Things like pummilo, are really bad, they could take an adult tinc down "so to say".


----------



## Josh-sama (Sep 26, 2008)

I wouldnt reccomend it.Much like mixing lizards, snakes etc. Not sure about dominance issues with PDFs, but... Still, I wouldnt risk it.


----------



## Gaboon (Jun 20, 2005)

I thought this may be the case. For what reasons? Has anyone tried it and had bad experiences? 

I know some are terrestrial and some are arboreal so perhaps one species of each, of similar size, and kept in a large enough enclosure should be OK? 

I really like the plain looking _Phyllobates terribilis_ like in the picture below.










I am now trying to find a possible suitable cohabiting species that is arboreal and more vibrant.


----------



## Josh-sama (Sep 26, 2008)

Athough I suppose if a large enough set up is given and the PDFs are from around the same region, it shouldn't be too much of a problem, but still dominance issues I'm unsure about.

There's a shop here in Cardiff, with some great PDFs in. "Cardiff Rep Centre"
www.cardiffreptilecentre.co.uk Have a look in their amphib section.

They have some lush Bumblebees and Blue PDFs. !


----------



## KJ Exotics (Jun 16, 2007)

Things such as the simple leucs (Bumblebees) show dominance mostly the females.


----------



## Josh-sama (Sep 26, 2008)

Ah, so I guessed right then with the dominance. It's recessive in most PDFs?


----------



## Gaboon (Jun 20, 2005)

Cheers for the link Josh but not looking to buy just yet. Good to now they get them in though for when I am ready.

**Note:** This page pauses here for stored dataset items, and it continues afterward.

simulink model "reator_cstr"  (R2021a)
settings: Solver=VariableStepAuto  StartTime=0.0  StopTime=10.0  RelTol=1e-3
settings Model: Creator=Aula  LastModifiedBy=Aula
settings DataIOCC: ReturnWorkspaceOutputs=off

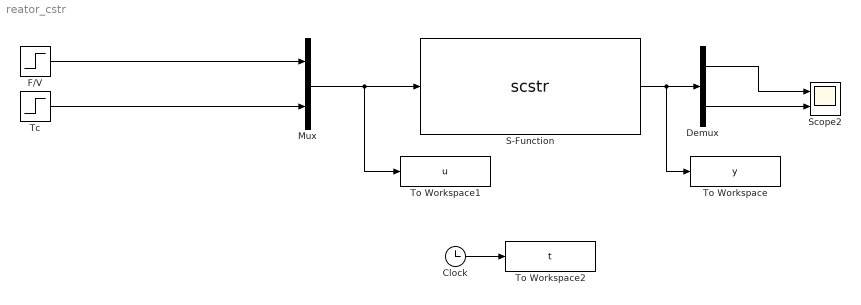
== system reator_cstr ==
  Clock : Clock
  Demux : Demux  Outputs=2
  F/V : Step  Time=0  SampleTime=0
  Mux : Mux  Inputs=2
  S-Function : S-Function  FunctionName=scstr  Parameters=x0model,k0, DeltaE, R, Caf, Tf, ro_Cp, UA_v,neg_DeltaH  SFunctionDeploymentMode=off  EnableBusSupport=off
  Scope2 : Scope  NumInputPorts=2
  Tc : Step  Time=0  After=298  SampleTime=0
  To Workspace : ToWorkspace  VariableName=y  SampleTime=-1
  To Workspace1 : ToWorkspace  VariableName=u  SampleTime=-1
  To Workspace2 : ToWorkspace  VariableName=t  SampleTime=-1
  wires:
  Mux/1 -> To Workspace1/1, S-Function/1
  F/V/1 -> Mux/1
  Tc/1 -> Mux/2
  S-Function/1 -> To Workspace/1, Demux/1
  Demux/1 -> Scope2/1
  Demux/2 -> Scope2/2
  Clock/1 -> To Workspace2/1
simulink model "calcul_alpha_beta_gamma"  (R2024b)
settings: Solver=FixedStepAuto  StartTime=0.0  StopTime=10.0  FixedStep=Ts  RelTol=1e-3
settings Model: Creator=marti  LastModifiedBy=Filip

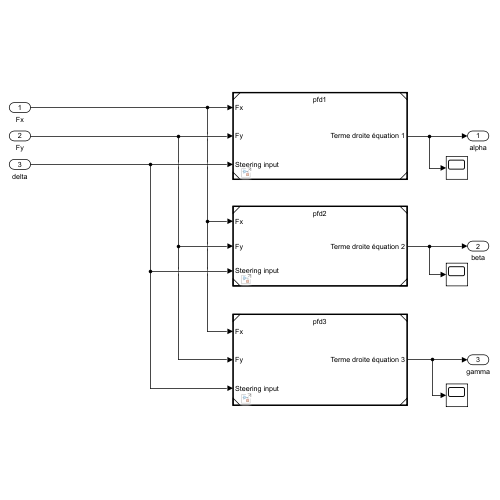
[thumbnail: Simulink's stored preview of the top-level diagram]
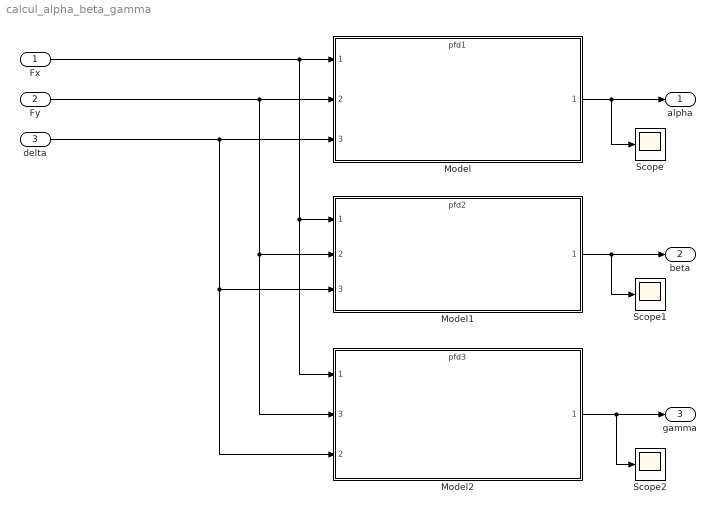
== system calcul_alpha_beta_gamma ==
  Fx : Inport
  Fy : Inport  Port=2
  delta : Inport  Port=3
  Model : ModelReference  ModelNameDialog=pfd1.slx  SimulationMode=Normal  ModelReferenceVersion=1.11
  Model1 : ModelReference  ModelNameDialog=pfd2.slx  SimulationMode=Normal  ModelReferenceVersion=1.5
  Model2 : ModelReference  ModelNameDialog=pfd3.slx  SimulationMode=Normal  ModelReferenceVersion=1.4
      settings: PortSchema="{\"entries\":[{\"content\":{\"sides\":[{\"content\":{\"connectorIds\":[\"In1\",\"In3\",\"In2\"]},\"type\":\"ConnectorPlacement.EquallySpacedRectSide\",\"uuid\":\"32c61a1f-6c57-499a-b866-aceaf52d28d2\"},{\"content\":{\"connectorIds\":[\"Out1\"],\"side\":\"RIGHT\"},\"type\":\"ConnectorPlacement.EquallySpacedRectSide\",\"uuid\":\"cffac577-4d60-419d-9ad2-4916db655c57\"},{\"content\":{\"side\":\"TOP\"},\"type\":\"ConnectorPlacement.EquallySpacedRectSide\",\"uuid\":\"34bdae6d-bec4-41a0-a8ed-c228eaa34691\"}]},\"type\":\"ConnectorPlacement.EquallySpacedConnector\",\"uuid\":\"84af7d52-f463-465c-ba60-2639f593163f\"}],\"packageUris\":[\"http://schema.mathworks.com/mf0/Connector/R2020b\"],\"version\":\"1.0\"}"
  Scope : Scope
  Scope1 : Scope
  Scope2 : Scope
  alpha : Outport
  beta : Outport  Port=2
  gamma : Outport  Port=3
  wires:
  Fx/1 -> Model2/1, Model1/1, Model/1
  Fy/1 -> Model2/3, Model1/2, Model/2
  delta/1 -> Model2/2, Model1/3, Model/3
  Model/1 -> alpha/1, Scope/1
  Model1/1 -> beta/1, Scope1/1
  Model2/1 -> Scope2/1, gamma/1

Dominance issues would probably be the main factor but what steps can be taken to minimize this? I know a male heavy sex ratio is important in some species (ie _D. __tinctorius_ and _D. azureus_) and of course lots of space with suitable retreats is obviously important. Are there any other steps that can be taken to avoid complications and inducing stress? 

Anyone had experience with mixing species?


----------



## chondro13 (Aug 18, 2008)

I have mixed darts. however I would never have done this without first keeping them alone for months and observing their behaviour.

When mixing darts think:

Will one species bully?
Will one species out compete?
Will one species eat more food/take all lay spots?
Will they hybridize?
Will they stress easy?
Do they eat the same size food and have the same requirements?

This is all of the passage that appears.